AT Kearney and GlaxoSmithKline's Ten Points for e-Sourcing Success
Greg Brandyberry knows a thing or two about running successful e-Sourcing programmes. As the former VP Procurement of Global Systems and Operations GlaxoSmithKline (GSK) was awarded the prestigious Chartered Institute of Purchasing and Supply CIPS award for “Best Use of Technology by a Procurement Organization”. Subsequently AT Kearney identified GSK as having deployed a global best-practice portfolio of electronic procurement tools in their 2005 Assessment for Excellence in Procurement. In 2010 he co-authored the AT Kearney paper "JumpStarting Your e-Sourcing Initiative" which shares the following ten key learnings:
- Get the right technology
- Identify & prepare a core group of technology savvy employees
- Develop an initial pipeline of e-Sourcing events for categories with robust specifications and suppliers willing to compete.

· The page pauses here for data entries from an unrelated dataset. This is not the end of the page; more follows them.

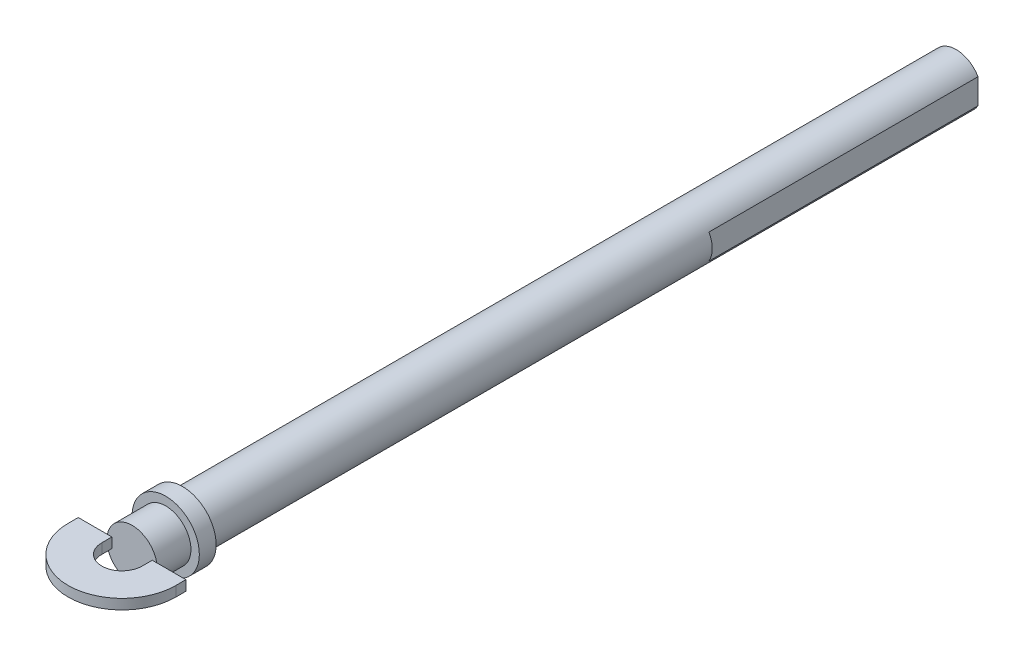
ISO-10303-21;
HEADER;
FILE_DESCRIPTION(('STEP AP214'),'2;1');
FILE_NAME('part.step','',(''),(''),'','','');
FILE_SCHEMA(('AUTOMOTIVE_DESIGN { 1 0 10303 214 1 1 1 1 }'));
ENDSEC;
DATA;
#1=APPLICATION_CONTEXT('core data for automotive mechanical design processes');
#2=APPLICATION_PROTOCOL_DEFINITION('international standard','automotive_design',2000,#1);
#3=PRODUCT_CONTEXT('',#1,'mechanical');
#4=PRODUCT('Part','Part','',(#3));
#5=PRODUCT_RELATED_PRODUCT_CATEGORY('part','',(#4));
#6=PRODUCT_DEFINITION_FORMATION('','',#4);
#7=PRODUCT_DEFINITION_CONTEXT('part definition',#1,'design');
#8=PRODUCT_DEFINITION('design','',#6,#7);
#9=PRODUCT_DEFINITION_SHAPE('','',#8);
#10=(LENGTH_UNIT() NAMED_UNIT(*) SI_UNIT(.MILLI.,.METRE.));
#11=(NAMED_UNIT(*) PLANE_ANGLE_UNIT() SI_UNIT($,.RADIAN.));
#12=(NAMED_UNIT(*) SI_UNIT($,.STERADIAN.) SOLID_ANGLE_UNIT());
#13=UNCERTAINTY_MEASURE_WITH_UNIT(LENGTH_MEASURE(1.E-05),#10,'distance_accuracy_value','');
#14=(GEOMETRIC_REPRESENTATION_CONTEXT(3) GLOBAL_UNCERTAINTY_ASSIGNED_CONTEXT((#13)) GLOBAL_UNIT_ASSIGNED_CONTEXT((#10,
#11,#12)) REPRESENTATION_CONTEXT('',''));
#15=CARTESIAN_POINT('',(0.,0.,0.));
#16=DIRECTION('',(0.,0.,1.));
#17=DIRECTION('',(1.,0.,0.));
#18=AXIS2_PLACEMENT_3D('',#15,#16,#17);
#19=CARTESIAN_POINT('',(0.,0.,230.));
#20=DIRECTION('',(0.,0.,-1.));
#21=DIRECTION('',(-1.,0.,0.));
#22=AXIS2_PLACEMENT_3D('',#19,#20,#21);
#23=CYLINDRICAL_SURFACE('',#22,7.5);
#24=CARTESIAN_POINT('',(0.,0.,230.));
#25=DIRECTION('',(0.,0.,1.));
#26=DIRECTION('',(1.,0.,0.));
#27=AXIS2_PLACEMENT_3D('',#24,#25,#26);
#28=CIRCLE('',#27,7.5);
#29=CARTESIAN_POINT('',(7.5,0.,230.));
#30=VERTEX_POINT('',#29);
#31=EDGE_CURVE('E197',#30,#30,#28,.T.);
#32=ORIENTED_EDGE('',*,*,#31,.F.);
#33=EDGE_LOOP('',(#32));
#34=FACE_BOUND('',#33,.T.);
#35=CARTESIAN_POINT('',(0.,0.,80.));
#36=DIRECTION('',(0.,0.,-1.));
#37=DIRECTION('',(-1.,0.,0.));
#38=AXIS2_PLACEMENT_3D('',#35,#36,#37);
#39=CIRCLE('',#38,7.5);
#40=CARTESIAN_POINT('',(6.5,3.74165738677394,80.));
#41=VERTEX_POINT('',#40);
#42=CARTESIAN_POINT('',(6.5,-3.74165738677394,80.));
#43=VERTEX_POINT('',#42);
#44=EDGE_CURVE('E168',#41,#43,#39,.T.);
#45=ORIENTED_EDGE('',*,*,#44,.F.);
#46=DIRECTION('',(0.,0.,-1.));
#47=VECTOR('',#46,1.);
#48=CARTESIAN_POINT('',(6.5,3.74165738677394,80.));
#49=LINE('',#48,#47);
#50=CARTESIAN_POINT('',(6.5,3.74165738677394,0.));
#51=VERTEX_POINT('',#50);
#52=EDGE_CURVE('E177',#41,#51,#49,.T.);
#53=ORIENTED_EDGE('',*,*,#52,.T.);
#54=CARTESIAN_POINT('',(0.,0.,0.));
#55=DIRECTION('',(0.,0.,1.));
#56=DIRECTION('',(1.,0.,0.));
#57=AXIS2_PLACEMENT_3D('',#54,#55,#56);
#58=CIRCLE('',#57,7.5);
#59=CARTESIAN_POINT('',(-6.5,3.74165738677394,0.));
#60=VERTEX_POINT('',#59);
#61=EDGE_CURVE('E206',#51,#60,#58,.T.);
#62=ORIENTED_EDGE('',*,*,#61,.T.);
#63=DIRECTION('',(0.,0.,-1.));
#64=VECTOR('',#63,1.);
#65=CARTESIAN_POINT('',(-6.5,3.74165738677394,80.));
#66=LINE('',#65,#64);
#67=CARTESIAN_POINT('',(-6.5,3.74165738677394,80.));
#68=VERTEX_POINT('',#67);
#69=EDGE_CURVE('E184',#68,#60,#66,.T.);
#70=ORIENTED_EDGE('',*,*,#69,.F.);
#71=CARTESIAN_POINT('',(0.,0.,80.));
#72=DIRECTION('',(0.,0.,-1.));
#73=DIRECTION('',(-1.,0.,0.));
#74=AXIS2_PLACEMENT_3D('',#71,#72,#73);
#75=CIRCLE('',#74,7.5);
#76=CARTESIAN_POINT('',(-6.5,-3.74165738677394,80.));
#77=VERTEX_POINT('',#76);
#78=EDGE_CURVE('E162',#77,#68,#75,.T.);
#79=ORIENTED_EDGE('',*,*,#78,.F.);
#80=DIRECTION('',(0.,0.,-1.));
#81=VECTOR('',#80,1.);
#82=CARTESIAN_POINT('',(-6.5,-3.74165738677394,80.));
#83=LINE('',#82,#81);
#84=CARTESIAN_POINT('',(-6.5,-3.74165738677394,0.));
#85=VERTEX_POINT('',#84);
#86=EDGE_CURVE('E176',#77,#85,#83,.T.);
#87=ORIENTED_EDGE('',*,*,#86,.T.);
#88=CARTESIAN_POINT('',(6.5,-3.74165738677394,0.));
#89=VERTEX_POINT('',#88);
#90=EDGE_CURVE('E201',#85,#89,#58,.T.);
#91=ORIENTED_EDGE('',*,*,#90,.T.);
#92=DIRECTION('',(0.,0.,-1.));
#93=VECTOR('',#92,1.);
#94=CARTESIAN_POINT('',(6.5,-3.74165738677394,80.));
#95=LINE('',#94,#93);
#96=EDGE_CURVE('E174',#43,#89,#95,.T.);
#97=ORIENTED_EDGE('',*,*,#96,.F.);
#98=EDGE_LOOP('',(#45,#53,#62,#70,#79,#87,#91,#97));
#99=FACE_BOUND('',#98,.T.);
#100=ADVANCED_FACE('F33',(#34,#99),#23,.T.);
#101=CARTESIAN_POINT('',(0.,0.,0.));
#102=DIRECTION('',(0.,0.,1.));
#103=DIRECTION('',(1.,0.,0.));
#104=AXIS2_PLACEMENT_3D('',#101,#102,#103);
#105=PLANE('',#104);
#106=ORIENTED_EDGE('',*,*,#61,.F.);
#107=DIRECTION('',(0.,1.,0.));
#108=VECTOR('',#107,1.);
#109=CARTESIAN_POINT('',(6.5,3.74165738677394,0.));
#110=LINE('',#109,#108);
#111=EDGE_CURVE('E171',#89,#51,#110,.T.);
#112=ORIENTED_EDGE('',*,*,#111,.F.);
#113=ORIENTED_EDGE('',*,*,#90,.F.);
#114=DIRECTION('',(0.,-1.,0.));
#115=VECTOR('',#114,1.);
#116=CARTESIAN_POINT('',(-6.5,3.74165738677394,0.));
#117=LINE('',#116,#115);
#118=EDGE_CURVE('E159',#60,#85,#117,.T.);
#119=ORIENTED_EDGE('',*,*,#118,.F.);
#120=EDGE_LOOP('',(#106,#112,#113,#119));
#121=FACE_BOUND('',#120,.T.);
#122=ADVANCED_FACE('F294',(#121),#105,.F.);
#123=CARTESIAN_POINT('',(0.,0.,235.));
#124=DIRECTION('',(0.,0.,-1.));
#125=DIRECTION('',(-1.,0.,0.));
#126=AXIS2_PLACEMENT_3D('',#123,#124,#125);
#127=CYLINDRICAL_SURFACE('',#126,10.);
#128=CARTESIAN_POINT('',(0.,0.,235.));
#129=DIRECTION('',(0.,0.,1.));
#130=DIRECTION('',(1.,0.,0.));
#131=AXIS2_PLACEMENT_3D('',#128,#129,#130);
#132=CIRCLE('',#131,10.);
#133=CARTESIAN_POINT('',(10.,0.,235.));
#134=VERTEX_POINT('',#133);
#135=EDGE_CURVE('E198',#134,#134,#132,.T.);
#136=ORIENTED_EDGE('',*,*,#135,.F.);
#137=EDGE_LOOP('',(#136));
#138=FACE_BOUND('',#137,.T.);
#139=CARTESIAN_POINT('',(0.,0.,230.));
#140=DIRECTION('',(0.,0.,1.));
#141=DIRECTION('',(1.,0.,0.));
#142=AXIS2_PLACEMENT_3D('',#139,#140,#141);
#143=CIRCLE('',#142,10.);
#144=CARTESIAN_POINT('',(10.,0.,230.));
#145=VERTEX_POINT('',#144);
#146=EDGE_CURVE('E192',#145,#145,#143,.T.);
#147=ORIENTED_EDGE('',*,*,#146,.T.);
#148=EDGE_LOOP('',(#147));
#149=FACE_BOUND('',#148,.T.);
#150=ADVANCED_FACE('F299',(#138,#149),#127,.T.);
#151=CARTESIAN_POINT('',(0.,0.,235.));
#152=DIRECTION('',(0.,0.,1.));
#153=DIRECTION('',(1.,0.,0.));
#154=AXIS2_PLACEMENT_3D('',#151,#152,#153);
#155=PLANE('',#154);
#156=CARTESIAN_POINT('',(0.,0.,235.));
#157=DIRECTION('',(0.,0.,1.));
#158=DIRECTION('',(1.,0.,0.));
#159=AXIS2_PLACEMENT_3D('',#156,#157,#158);
#160=CIRCLE('',#159,7.5);
#161=CARTESIAN_POINT('',(7.5,0.,235.));
#162=VERTEX_POINT('',#161);
#163=EDGE_CURVE('E194',#162,#162,#160,.T.);
#164=ORIENTED_EDGE('',*,*,#163,.F.);
#165=EDGE_LOOP('',(#164));
#166=FACE_BOUND('',#165,.T.);
#167=ORIENTED_EDGE('',*,*,#135,.T.);
#168=EDGE_LOOP('',(#167));
#169=FACE_BOUND('',#168,.T.);
#170=ADVANCED_FACE('F337',(#166,#169),#155,.T.);
#171=CARTESIAN_POINT('',(0.,0.,230.));
#172=DIRECTION('',(0.,0.,1.));
#173=DIRECTION('',(1.,0.,0.));
#174=AXIS2_PLACEMENT_3D('',#171,#172,#173);
#175=PLANE('',#174);
#176=ORIENTED_EDGE('',*,*,#31,.T.);
#177=EDGE_LOOP('',(#176));
#178=FACE_BOUND('',#177,.T.);
#179=ORIENTED_EDGE('',*,*,#146,.F.);
#180=EDGE_LOOP('',(#179));
#181=FACE_BOUND('',#180,.T.);
#182=ADVANCED_FACE('F336',(#178,#181),#175,.F.);
#183=CARTESIAN_POINT('',(0.,0.,245.));
#184=DIRECTION('',(0.,0.,-1.));
#185=DIRECTION('',(-1.,0.,0.));
#186=AXIS2_PLACEMENT_3D('',#183,#184,#185);
#187=CYLINDRICAL_SURFACE('',#186,7.5);
#188=CARTESIAN_POINT('',(0.,0.,245.));
#189=DIRECTION('',(0.,0.,1.));
#190=DIRECTION('',(1.,0.,0.));
#191=AXIS2_PLACEMENT_3D('',#188,#189,#190);
#192=CIRCLE('',#191,7.5);
#193=CARTESIAN_POINT('',(7.34846922834953,1.5,245.));
#194=VERTEX_POINT('',#193);
#195=CARTESIAN_POINT('',(-7.34846922834953,1.5,245.));
#196=VERTEX_POINT('',#195);
#197=EDGE_CURVE('E189',#194,#196,#192,.T.);
#198=ORIENTED_EDGE('',*,*,#197,.F.);
#199=CARTESIAN_POINT('',(7.34846922834953,-1.5,245.));
#200=VERTEX_POINT('',#199);
#201=EDGE_CURVE('E141',#200,#194,#192,.T.);
#202=ORIENTED_EDGE('',*,*,#201,.F.);
#203=CARTESIAN_POINT('',(-7.34846922834953,-1.5,245.));
#204=VERTEX_POINT('',#203);
#205=EDGE_CURVE('E215',#204,#200,#192,.T.);
#206=ORIENTED_EDGE('',*,*,#205,.F.);
#207=EDGE_CURVE('E193',#196,#204,#192,.T.);
#208=ORIENTED_EDGE('',*,*,#207,.F.);
#209=EDGE_LOOP('',(#198,#202,#206,#208));
#210=FACE_BOUND('',#209,.T.);
#211=ORIENTED_EDGE('',*,*,#163,.T.);
#212=EDGE_LOOP('',(#211));
#213=FACE_BOUND('',#212,.T.);
#214=ADVANCED_FACE('F223',(#210,#213),#187,.T.);
#215=CARTESIAN_POINT('',(0.,0.,245.));
#216=DIRECTION('',(0.,0.,1.));
#217=DIRECTION('',(1.,0.,0.));
#218=AXIS2_PLACEMENT_3D('',#215,#216,#217);
#219=PLANE('',#218);
#220=DIRECTION('',(1.,0.,0.));
#221=VECTOR('',#220,1.);
#222=CARTESIAN_POINT('',(6.,1.5,245.));
#223=LINE('',#222,#221);
#224=CARTESIAN_POINT('',(6.,1.5,245.));
#225=VERTEX_POINT('',#224);
#226=EDGE_CURVE('E144',#225,#194,#223,.T.);
#227=ORIENTED_EDGE('',*,*,#226,.T.);
#228=ORIENTED_EDGE('',*,*,#197,.T.);
#229=DIRECTION('',(-1.,0.,0.));
#230=VECTOR('',#229,1.);
#231=CARTESIAN_POINT('',(0.,1.5,245.));
#232=LINE('',#231,#230);
#233=CARTESIAN_POINT('',(-6.,1.5,245.));
#234=VERTEX_POINT('',#233);
#235=EDGE_CURVE('E11',#234,#196,#232,.T.);
#236=ORIENTED_EDGE('',*,*,#235,.F.);
#237=DIRECTION('',(0.,-1.,0.));
#238=VECTOR('',#237,1.);
#239=CARTESIAN_POINT('',(-6.,1.5,245.));
#240=LINE('',#239,#238);
#241=CARTESIAN_POINT('',(-6.,-1.5,245.));
#242=VERTEX_POINT('',#241);
#243=EDGE_CURVE('E217',#234,#242,#240,.T.);
#244=ORIENTED_EDGE('',*,*,#243,.T.);
#245=DIRECTION('',(-1.,0.,0.));
#246=VECTOR('',#245,1.);
#247=CARTESIAN_POINT('',(0.,-1.5,245.));
#248=LINE('',#247,#246);
#249=EDGE_CURVE('E40',#242,#204,#248,.T.);
#250=ORIENTED_EDGE('',*,*,#249,.T.);
#251=ORIENTED_EDGE('',*,*,#205,.T.);
#252=DIRECTION('',(1.,0.,0.));
#253=VECTOR('',#252,1.);
#254=CARTESIAN_POINT('',(6.,-1.5,245.));
#255=LINE('',#254,#253);
#256=CARTESIAN_POINT('',(6.,-1.5,245.));
#257=VERTEX_POINT('',#256);
#258=EDGE_CURVE('E245',#257,#200,#255,.T.);
#259=ORIENTED_EDGE('',*,*,#258,.F.);
#260=DIRECTION('',(0.,-1.,0.));
#261=VECTOR('',#260,1.);
#262=CARTESIAN_POINT('',(6.,1.5,245.));
#263=LINE('',#262,#261);
#264=EDGE_CURVE('E160',#225,#257,#263,.T.);
#265=ORIENTED_EDGE('',*,*,#264,.F.);
#266=EDGE_LOOP('',(#227,#228,#236,#244,#250,#251,#259,#265));
#267=FACE_BOUND('',#266,.T.);
#268=ADVANCED_FACE('F213',(#267),#219,.T.);
#269=CARTESIAN_POINT('',(-6.5,3.74165738677394,80.));
#270=DIRECTION('',(1.,0.,0.));
#271=DIRECTION('',(0.,0.,-1.));
#272=AXIS2_PLACEMENT_3D('',#269,#270,#271);
#273=PLANE('',#272);
#274=ORIENTED_EDGE('',*,*,#118,.T.);
#275=ORIENTED_EDGE('',*,*,#86,.F.);
#276=DIRECTION('',(0.,-1.,0.));
#277=VECTOR('',#276,1.);
#278=CARTESIAN_POINT('',(-6.5,3.74165738677394,80.));
#279=LINE('',#278,#277);
#280=EDGE_CURVE('E182',#68,#77,#279,.T.);
#281=ORIENTED_EDGE('',*,*,#280,.F.);
#282=ORIENTED_EDGE('',*,*,#69,.T.);
#283=EDGE_LOOP('',(#274,#275,#281,#282));
#284=FACE_BOUND('',#283,.T.);
#285=ADVANCED_FACE('F319',(#284),#273,.F.);
#286=CARTESIAN_POINT('',(0.,0.,80.));
#287=DIRECTION('',(0.,0.,-1.));
#288=DIRECTION('',(-1.,0.,0.));
#289=AXIS2_PLACEMENT_3D('',#286,#287,#288);
#290=PLANE('',#289);
#291=ORIENTED_EDGE('',*,*,#78,.T.);
#292=ORIENTED_EDGE('',*,*,#280,.T.);
#293=EDGE_LOOP('',(#291,#292));
#294=FACE_BOUND('',#293,.T.);
#295=ADVANCED_FACE('F321',(#294),#290,.T.);
#296=CARTESIAN_POINT('',(6.5,3.74165738677394,80.));
#297=DIRECTION('',(-1.,0.,0.));
#298=DIRECTION('',(0.,0.,1.));
#299=AXIS2_PLACEMENT_3D('',#296,#297,#298);
#300=PLANE('',#299);
#301=ORIENTED_EDGE('',*,*,#111,.T.);
#302=ORIENTED_EDGE('',*,*,#52,.F.);
#303=DIRECTION('',(0.,1.,0.));
#304=VECTOR('',#303,1.);
#305=CARTESIAN_POINT('',(6.5,3.74165738677394,80.));
#306=LINE('',#305,#304);
#307=EDGE_CURVE('E170',#43,#41,#306,.T.);
#308=ORIENTED_EDGE('',*,*,#307,.F.);
#309=ORIENTED_EDGE('',*,*,#96,.T.);
#310=EDGE_LOOP('',(#301,#302,#308,#309));
#311=FACE_BOUND('',#310,.T.);
#312=ADVANCED_FACE('F311',(#311),#300,.F.);
#313=CARTESIAN_POINT('',(0.,0.,80.));
#314=DIRECTION('',(0.,0.,-1.));
#315=DIRECTION('',(-1.,0.,0.));
#316=AXIS2_PLACEMENT_3D('',#313,#314,#315);
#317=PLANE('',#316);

- Establish a virtual centre of excellence with a dedicated technology centre
- Invite key stakeholders and business clients to watch e-Sourcing events
- Publicise the successes and give credit to participating business partners
- Obtain visible support from senior executives
- Develop and execute a change management strategy that wins over the sceptics
- Set ambitious programme goals
- Run a fair ethical and transparent programme, no matter what
Aberdeen Group's Ten Recommendations for e-Sourcing Success
The independent analysts Aberdeen Group have researched the subject of e-Sourcing and recommend their own ten points for e-Sourcing success.
- Adopt and validate best-in-class strategic sourcing procedures before investing in e-Sourcing technologies.
- Ensure proper executive and stakeholder support for sourcing and dedicate a manager to champion the program.
- Develop systems and competencies to make total spending analysis an efficient and repeatable process.
- Examine market dynamics, scrutinize supplier capabilities, and define sourcing tools and strategies prior to negotiation.
- Clearly define requirements & expectations to both internal stakeholders and suppliers.
- Tap external parties for category expertise and sourcing methods & process support.
- Define protocols for assessing proper negotiation tools and techniques for each spend category or sourcing scenario.
- Establish channel to communicate e-Sourcing strategies and results to stakeholders.
- Align processes, systems, and incentives to ensure compliance.
- Adopt procedures and systems to measure internal and external supply performance.